> **What needs to be done**
Would you find each line in the entries below with the string "blocks" and copy it?
** Opening Data section block **
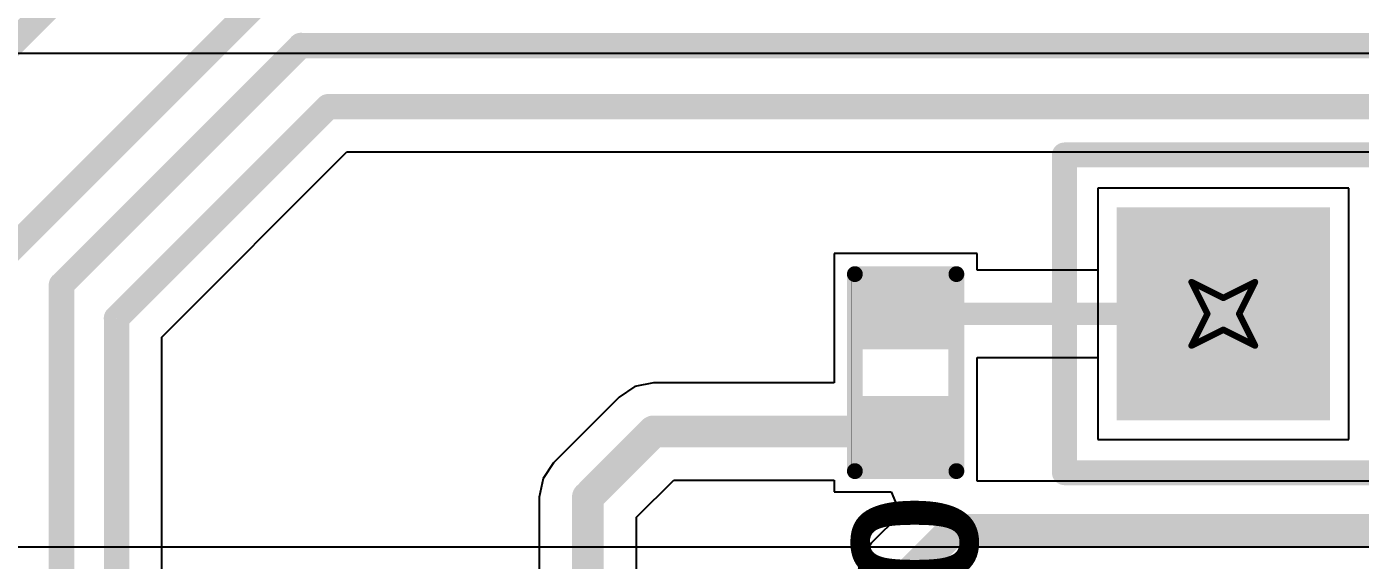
# Model space of a CAD drawing. Header units: inches. Extents: x 0 to 5032, y 0 to 5323.
# Drawn here: x 98.87 to 109.54, y 84.02 to 88.29 of the extents above; entities that cross this region are included whole.
import ezdxf

# ---------------------------------------------------------------- set-up
doc = ezdxf.new("R2010")
doc.units = ezdxf.units.IN
for name, color, linetype in [('Bottom Layer', 5, 'Continuous'), ('Bottom Solder', 6, 'Continuous'), ('Drill Drawing', 1, 'Continuous'), ('Layer 1', 16, 'Continuous'), ('Layer 2', 76, 'Continuous'), ('Multi-Layer', 9, 'Continuous'), ('Pad Holes', 156, 'Continuous'), ('Top Layer', 1, 'Continuous'), ('Top Overlay', 2, 'Continuous'), ('Top Paste', 8, 'Continuous'), ('Top Solder', 216, 'Continuous')]:
    doc.layers.add(name, color=color, linetype=linetype)
doc.styles.add('Arial_Bold', font='', dxfattribs={"height": 0.2})
doc.styles.get('Arial_Bold').set_extended_font_data('Arial', bold=True)

# ---------------------------------------------------------------- blocks, each defined once
blk = doc.blocks.new('HDR1X3__319')
at = {"layer": 'Bottom Layer'}
blk.add_hatch(color=5, dxfattribs=at).paths.add_polyline_path([(-0.75, 0.75), (0.75, 0.75), (0.75, -0.75), (-0.75, -0.75)])
h = blk.add_hatch(color=5, dxfattribs=at)
edge = h.paths.add_edge_path()
edge.add_arc((2.54, 0), 0.75, 0, 360)
h = blk.add_hatch(color=5, dxfattribs=at)
edge = h.paths.add_edge_path()
edge.add_arc((5.08, 0), 0.75, 0, 360)
at = {"layer": 'Bottom Solder'}
blk.add_hatch(color=6, dxfattribs=at).paths.add_polyline_path([(-0.852, 0.852), (0.852, 0.852), (0.852, -0.852), (-0.852, -0.852)])
h = blk.add_hatch(color=6, dxfattribs=at)
edge = h.paths.add_edge_path()
edge.add_arc((2.54, 0), 0.852, 0, 360)
h = blk.add_hatch(color=6, dxfattribs=at)
edge = h.paths.add_edge_path()
edge.add_arc((5.08, 0), 0.852, 0, 360)
at = {"layer": 'Layer 1'}
blk.add_hatch(color=16, dxfattribs=at).paths.add_polyline_path([(-0.75, 0.75), (0.75, 0.75), (0.75, -0.75), (-0.75, -0.75)])
h = blk.add_hatch(color=16, dxfattribs=at)
edge = h.paths.add_edge_path()
edge.add_arc((2.54, 0), 0.75, 0, 360)
h = blk.add_hatch(color=16, dxfattribs=at)
edge = h.paths.add_edge_path()
edge.add_arc((5.08, 0), 0.75, 0, 360)
at = {"layer": 'Layer 2'}
blk.add_hatch(color=76, dxfattribs=at).paths.add_polyline_path([(-0.75, 0.75), (0.75, 0.75), (0.75, -0.75), (-0.75, -0.75)])
h = blk.add_hatch(color=76, dxfattribs=at)
edge = h.paths.add_edge_path()
edge.add_arc((2.54, 0), 0.75, 0, 360)
h = blk.add_hatch(color=76, dxfattribs=at)
edge = h.paths.add_edge_path()
edge.add_arc((5.08, 0), 0.75, 0, 360)
at = {"layer": 'Multi-Layer'}
blk.add_hatch(color=9, dxfattribs=at).paths.add_polyline_path([(-0.75, 0.75), (0.75, 0.75), (0.75, -0.75), (-0.75, -0.75)])
h = blk.add_hatch(color=9, dxfattribs=at)
edge = h.paths.add_edge_path()
edge.add_arc((2.54, 0), 0.75, 0, 360)
h = blk.add_hatch(color=9, dxfattribs=at)
edge = h.paths.add_edge_path()
edge.add_arc((5.08, 0), 0.75, 0, 360)
at = {"layer": 'Pad Holes'}
h = blk.add_hatch(color=7, dxfattribs=at)
edge = h.paths.add_edge_path()
edge.add_arc((0, 0), 0.45, 0, 360)
h = blk.add_hatch(color=7, dxfattribs=at)
edge = h.paths.add_edge_path()
edge.add_arc((2.54, 0), 0.45, 0, 360)
h = blk.add_hatch(color=7, dxfattribs=at)
edge = h.paths.add_edge_path()
edge.add_arc((5.08, 0), 0.45, 0, 360)
at = {"layer": 'Top Layer'}
blk.add_hatch(color=1, dxfattribs=at).paths.add_polyline_path([(-0.75, 0.75), (0.75, 0.75), (0.75, -0.75), (-0.75, -0.75)])
h = blk.add_hatch(color=1, dxfattribs=at)
edge = h.paths.add_edge_path()
edge.add_arc((2.54, 0), 0.75, 0, 360)
h = blk.add_hatch(color=1, dxfattribs=at)
edge = h.paths.add_edge_path()
edge.add_arc((5.08, 0), 0.75, 0, 360)
at = {"layer": 'Top Solder'}
blk.add_hatch(color=216, dxfattribs=at).paths.add_polyline_path([(-0.852, 0.852), (0.852, 0.852), (0.852, -0.852), (-0.852, -0.852)])
h = blk.add_hatch(color=216, dxfattribs=at)
edge = h.paths.add_edge_path()
edge.add_arc((2.54, 0), 0.852, 0, 360)
h = blk.add_hatch(color=216, dxfattribs=at)
edge = h.paths.add_edge_path()
edge.add_arc((5.08, 0), 0.852, 0, 360)
at = {"layer": 'Top Overlay'}
for points in [[(-1.27, -1.27, 0.2, 0.2, 0), (-1.27, 1.27, 0.2, 0.2, 0)], [(-1.27, 1.27, 0.2, 0.2, 0), (6.35, 1.27, 0.2, 0.2, 0)], [(6.35, -1.27, 0.2, 0.2, 0), (6.35, 1.27, 0.2, 0.2, 0)], [(-1.27, -1.27, 0.2, 0.2, 0), (6.35, -1.27, 0.2, 0.2, 0)]]:
    blk.add_lwpolyline(points, format="xyseb", dxfattribs=at)
for points in [[(-1.32, 1.27, 0.1, 0.1, 1), (-1.22, 1.27, 0.1, 0.1, 1)], [(-1.32, 1.27, 0.1, 0.1, 1), (-1.22, 1.27, 0.1, 0.1, 1)], [(6.3, 1.27, 0.1, 0.1, 1), (6.4, 1.27, 0.1, 0.1, 1)], [(6.3, 1.27, 0.1, 0.1, 1), (6.4, 1.27, 0.1, 0.1, 1)], [(-1.32, -1.27, 0.1, 0.1, 1), (-1.22, -1.27, 0.1, 0.1, 1)], [(-1.32, -1.27, 0.1, 0.1, 1), (-1.22, -1.27, 0.1, 0.1, 1)], [(6.3, -1.27, 0.1, 0.1, 1), (6.4, -1.27, 0.1, 0.1, 1)], [(6.3, -1.27, 0.1, 0.1, 1), (6.4, -1.27, 0.1, 0.1, 1)]]:
    blk.add_lwpolyline(points, format="xyseb", close=True, dxfattribs=at)
blk = doc.blocks.new('R___0402_320')
at = {"layer": 'Top Layer'}
for points in [[(-0.699, -0.318), (-0.699, 0.317), (-0.241, 0.317), (-0.241, -0.318)], [(0.241, -0.318), (0.241, 0.317), (0.699, 0.317), (0.699, -0.318)]]:
    blk.add_hatch(color=1, dxfattribs=at).paths.add_polyline_path(points)
at = {"layer": 'Top Paste'}
for points in [[(-0.699, -0.318), (-0.699, 0.317), (-0.241, 0.317), (-0.241, -0.318)], [(0.241, -0.318), (0.241, 0.317), (0.699, 0.317), (0.699, -0.318)]]:
    blk.add_hatch(color=8, dxfattribs=at).paths.add_polyline_path(points)
at = {"layer": 'Top Solder'}
for points in [[(-0.754, -0.373), (-0.754, 0.373), (-0.186, 0.373), (-0.186, -0.373)], [(0.186, -0.373), (0.186, 0.373), (0.754, 0.373), (0.754, -0.373)]]:
    blk.add_hatch(color=216, dxfattribs=at).paths.add_polyline_path(points)
at = {"layer": 'Top Overlay'}
for points in [[(0.787, 0.406, 0.127, 0.127, 0), (-0.787, 0.406, 0.127, 0.127, 0)], [(-0.787, -0.406, 0.127, 0.127, 0), (-0.787, 0.406, 0.127, 0.127, 0)], [(0.787, -0.406, 0.127, 0.127, 0), (0.787, 0.406, 0.127, 0.127, 0)], [(0.787, -0.406, 0.127, 0.127, 0), (-0.787, -0.406, 0.127, 0.127, 0)], [(0.813, -0.432, 0.00323, 0.00323, 0), (-0.813, -0.432, 0.00323, 0.00323, 0)]]:
    blk.add_lwpolyline(points, format="xyseb", dxfattribs=at)
for points in [[(-0.819, 0.406, 0.0635, 0.0635, 1), (-0.756, 0.406, 0.0635, 0.0635, 1)], [(-0.819, 0.406, 0.0635, 0.0635, 1), (-0.756, 0.406, 0.0635, 0.0635, 1)], [(0.756, 0.406, 0.0635, 0.0635, 1), (0.819, 0.406, 0.0635, 0.0635, 1)], [(0.756, 0.406, 0.0635, 0.0635, 1), (0.819, 0.406, 0.0635, 0.0635, 1)], [(-0.819, -0.406, 0.0635, 0.0635, 1), (-0.756, -0.406, 0.0635, 0.0635, 1)], [(-0.819, -0.406, 0.0635, 0.0635, 1), (-0.756, -0.406, 0.0635, 0.0635, 1)], [(0.756, -0.406, 0.0635, 0.0635, 1), (0.819, -0.406, 0.0635, 0.0635, 1)], [(0.756, -0.406, 0.0635, 0.0635, 1), (0.819, -0.406, 0.0635, 0.0635, 1)], [(-0.814, -0.432, 0.00161, 0.00161, 1), (-0.812, -0.432, 0.00161, 0.00161, 1)], [(0.812, -0.432, 0.00161, 0.00161, 1), (0.814, -0.432, 0.00161, 0.00161, 1)]]:
    blk.add_lwpolyline(points, format="xyseb", close=True, dxfattribs=at)

msp = doc.modelspace()

# ---------------------------------------------------------------- linework, layer by layer
at = {"layer": 'Bottom Layer'}
for p, q in [((90.591, 88.074), (115.08, 88.074)), ((109.444, 86.994), (107.436, 86.994)), ((107.436, 86.994), (107.436, 84.986)), ((109.444, 84.986), (109.444, 86.994)), ((107.436, 84.986), (109.444, 84.986)), ((109.727, 84.125), (95.596, 84.125))]:
    msp.add_line(p, q, dxfattribs=at)
at = {"layer": 'Drill Drawing'}
for points in [[(108.186, 86.244, 0.0508, 0.0508, 0), (108.44, 86.117, 0.0508, 0.0508, 0)], [(108.186, 86.244, 0.0508, 0.0508, 0), (108.313, 85.99, 0.0508, 0.0508, 0)], [(108.44, 86.117, 0.0508, 0.0508, 0), (108.694, 86.244, 0.0508, 0.0508, 0)], [(108.567, 85.99, 0.0508, 0.0508, 0), (108.694, 86.244, 0.0508, 0.0508, 0)], [(108.186, 85.736, 0.0508, 0.0508, 0), (108.313, 85.99, 0.0508, 0.0508, 0)], [(108.567, 85.99, 0.0508, 0.0508, 0), (108.694, 85.736, 0.0508, 0.0508, 0)], [(108.186, 85.736, 0.0508, 0.0508, 0), (108.44, 85.863, 0.0508, 0.0508, 0)], [(108.44, 85.863, 0.0508, 0.0508, 0), (108.694, 85.736, 0.0508, 0.0508, 0)]]:
    msp.add_lwpolyline(points, format="xyseb", dxfattribs=at)
for points in [[(108.173, 86.244, 0.0254, 0.0254, 1), (108.198, 86.244, 0.0254, 0.0254, 1)], [(108.173, 86.244, 0.0254, 0.0254, 1), (108.198, 86.244, 0.0254, 0.0254, 1)], [(108.681, 86.244, 0.0254, 0.0254, 1), (108.706, 86.244, 0.0254, 0.0254, 1)], [(108.681, 86.244, 0.0254, 0.0254, 1), (108.706, 86.244, 0.0254, 0.0254, 1)], [(108.427, 86.117, 0.0254, 0.0254, 1), (108.452, 86.117, 0.0254, 0.0254, 1)], [(108.427, 86.117, 0.0254, 0.0254, 1), (108.452, 86.117, 0.0254, 0.0254, 1)], [(108.3, 85.99, 0.0254, 0.0254, 1), (108.325, 85.99, 0.0254, 0.0254, 1)], [(108.3, 85.99, 0.0254, 0.0254, 1), (108.325, 85.99, 0.0254, 0.0254, 1)], [(108.554, 85.99, 0.0254, 0.0254, 1), (108.579, 85.99, 0.0254, 0.0254, 1)], [(108.554, 85.99, 0.0254, 0.0254, 1), (108.579, 85.99, 0.0254, 0.0254, 1)], [(108.427, 85.863, 0.0254, 0.0254, 1), (108.452, 85.863, 0.0254, 0.0254, 1)], [(108.427, 85.863, 0.0254, 0.0254, 1), (108.452, 85.863, 0.0254, 0.0254, 1)], [(108.173, 85.736, 0.0254, 0.0254, 1), (108.198, 85.736, 0.0254, 0.0254, 1)], [(108.173, 85.736, 0.0254, 0.0254, 1), (108.198, 85.736, 0.0254, 0.0254, 1)], [(108.681, 85.736, 0.0254, 0.0254, 1), (108.706, 85.736, 0.0254, 0.0254, 1)], [(108.681, 85.736, 0.0254, 0.0254, 1), (108.706, 85.736, 0.0254, 0.0254, 1)]]:
    msp.add_lwpolyline(points, format="xyseb", close=True, dxfattribs=at)
at = {"layer": 'Layer 1'}
for p, q in [((109.444, 86.994), (107.436, 86.994)), ((107.436, 86.994), (107.436, 84.986)), ((109.444, 84.986), (109.444, 86.994)), ((107.436, 84.986), (109.444, 84.986))]:
    msp.add_line(p, q, dxfattribs=at)
at = {"layer": 'Layer 2'}
for p, q in [((109.444, 86.994), (107.436, 86.994)), ((107.436, 86.994), (107.436, 84.986)), ((109.444, 84.986), (109.444, 86.994)), ((107.436, 84.986), (109.444, 84.986))]:
    msp.add_line(p, q, dxfattribs=at)
at = {"layer": 'Top Layer'}
for p, q in [((99.953, 85.804), (101.433, 87.284)), ((101.433, 87.284), (113.568, 87.284)), ((109.444, 86.994), (107.436, 86.994)), ((107.436, 86.994), (107.436, 86.339)), ((109.444, 84.986), (109.444, 86.994)), ((106.471, 86.472), (105.328, 86.472)), ((105.328, 86.472), (105.328, 85.438)), ((106.471, 86.339), (106.471, 86.472)), ((107.436, 86.339), (106.471, 86.339)), ((99.953, 80.648), (99.953, 85.804)), ((106.471, 84.651), (106.471, 85.64)), ((106.471, 85.64), (107.436, 85.64)), ((107.436, 85.64), (107.436, 84.986)), ((103.885, 85.438), (103.736, 85.409)), ((105.328, 85.438), (103.885, 85.438)), ((103.61, 85.324), (103.085, 84.799)), ((103.736, 85.409), (103.61, 85.324)), ((107.436, 84.986), (109.444, 84.986)), ((103.085, 84.799), (103.001, 84.673)), ((103.001, 84.673), (102.971, 84.524)), ((103.748, 84.364), (104.046, 84.661)), ((104.046, 84.661), (105.328, 84.661)), ((105.328, 84.661), (105.328, 84.567)), ((105.328, 84.567), (105.785, 84.567)), ((105.785, 84.567), (105.858, 84.389)), ((110.419, 84.651), (106.471, 84.651)), ((102.971, 84.524), (102.971, 83.564)), ((103.748, 83.564), (103.748, 84.364)), ((105.858, 84.389), (105.625, 84.156)), ((105.625, 84.156), (105.541, 84.03)), ((105.541, 84.03), (105.511, 83.881))]:
    msp.add_line(p, q, dxfattribs=at)
for points in [[(97.212, 86.602, 0.203, 0.203, 0), (100.457, 89.847, 0.203, 0.203, 0)], [(98.704, 86.458, 0.203, 0.203, 0), (100.876, 88.63, 0.203, 0.203, 0)], [(99.151, 86.222, 0.203, 0.203, 0), (101.064, 88.135, 0.203, 0.203, 0)], [(101.064, 88.135, 0.203, 0.203, 0), (113.92, 88.135, 0.203, 0.203, 0)], [(99.591, 85.955, 0.203, 0.203, 0), (101.282, 87.646, 0.203, 0.203, 0)], [(101.282, 87.646, 0.203, 0.203, 0), (113.718, 87.646, 0.203, 0.203, 0)], [(99.151, 79.695, 0.203, 0.203, 0), (99.151, 86.222, 0.203, 0.203, 0)], [(99.591, 79.499, 0.203, 0.203, 0), (99.591, 85.955, 0.203, 0.203, 0)], [(105.9, 85.99, 0.178, 0.178, 0), (108.44, 85.99, 0.178, 0.178, 0)], [(103.36, 84.524, 0.254, 0.254, 0), (103.885, 85.05, 0.254, 0.254, 0)], [(103.885, 85.05, 0.254, 0.254, 0), (105.9, 85.05, 0.254, 0.254, 0)], [(103.36, 82.51, 0.254, 0.254, 0), (103.36, 84.524, 0.254, 0.254, 0)], [(105.9, 83.881, 0.254, 0.254, 0), (106.281, 84.262, 0.254, 0.254, 0)], [(106.281, 84.262, 0.254, 0.254, 0), (110.58, 84.262, 0.254, 0.254, 0)]]:
    msp.add_lwpolyline(points, format="xyseb", dxfattribs=at)
for points in [[(101.013, 88.135, 0.102, 0.102, 1), (101.115, 88.135, 0.102, 0.102, 1)], [(101.013, 88.135, 0.102, 0.102, 1), (101.115, 88.135, 0.102, 0.102, 1)], [(101.232, 87.646, 0.102, 0.102, 1), (101.333, 87.646, 0.102, 0.102, 1)], [(101.232, 87.646, 0.102, 0.102, 1), (101.333, 87.646, 0.102, 0.102, 1)], [(99.1, 86.222, 0.102, 0.102, 1), (99.202, 86.222, 0.102, 0.102, 1)], [(99.1, 86.222, 0.102, 0.102, 1), (99.202, 86.222, 0.102, 0.102, 1)], [(99.54, 85.955, 0.102, 0.102, 1), (99.641, 85.955, 0.102, 0.102, 1)], [(99.54, 85.955, 0.102, 0.102, 1), (99.641, 85.955, 0.102, 0.102, 1)], [(105.855, 85.99, 0.0889, 0.0889, 1), (105.944, 85.99, 0.0889, 0.0889, 1)], [(108.395, 85.99, 0.0889, 0.0889, 1), (108.484, 85.99, 0.0889, 0.0889, 1)], [(103.821, 85.05, 0.127, 0.127, 1), (103.948, 85.05, 0.127, 0.127, 1)], [(103.821, 85.05, 0.127, 0.127, 1), (103.948, 85.05, 0.127, 0.127, 1)], [(105.836, 85.05, 0.127, 0.127, 1), (105.963, 85.05, 0.127, 0.127, 1)], [(103.296, 84.524, 0.127, 0.127, 1), (103.423, 84.524, 0.127, 0.127, 1)], [(103.296, 84.524, 0.127, 0.127, 1), (103.423, 84.524, 0.127, 0.127, 1)], [(106.217, 84.262, 0.127, 0.127, 1), (106.344, 84.262, 0.127, 0.127, 1)], [(106.217, 84.262, 0.127, 0.127, 1), (106.344, 84.262, 0.127, 0.127, 1)]]:
    msp.add_lwpolyline(points, format="xyseb", close=True, dxfattribs=at)

# ---------------------------------------------------------------- block references
msp.add_blockref('HDR1X3__319', (108.44, 85.99))
at = {"rotation": 270}
msp.add_blockref('R___0402_320', (105.9, 85.52), dxfattribs=at)

# ---------------------------------------------------------------- texts
at = {"layer": 'Top Overlay', "style": 'Arial_Bold'}
msp.add_text('SW-CLK/BOOT0', height=1, rotation=90, dxfattribs=at).set_placement((106.473, 73.767))

doc.saveas('drawing.dxf')
** Closing Data section block **
> **Task answer**
# ---------------------------------------------------------------- blocks, each defined once
blk = doc.blocks.new('HDR1X3__319')
blk = doc.blocks.new('R___0402_320')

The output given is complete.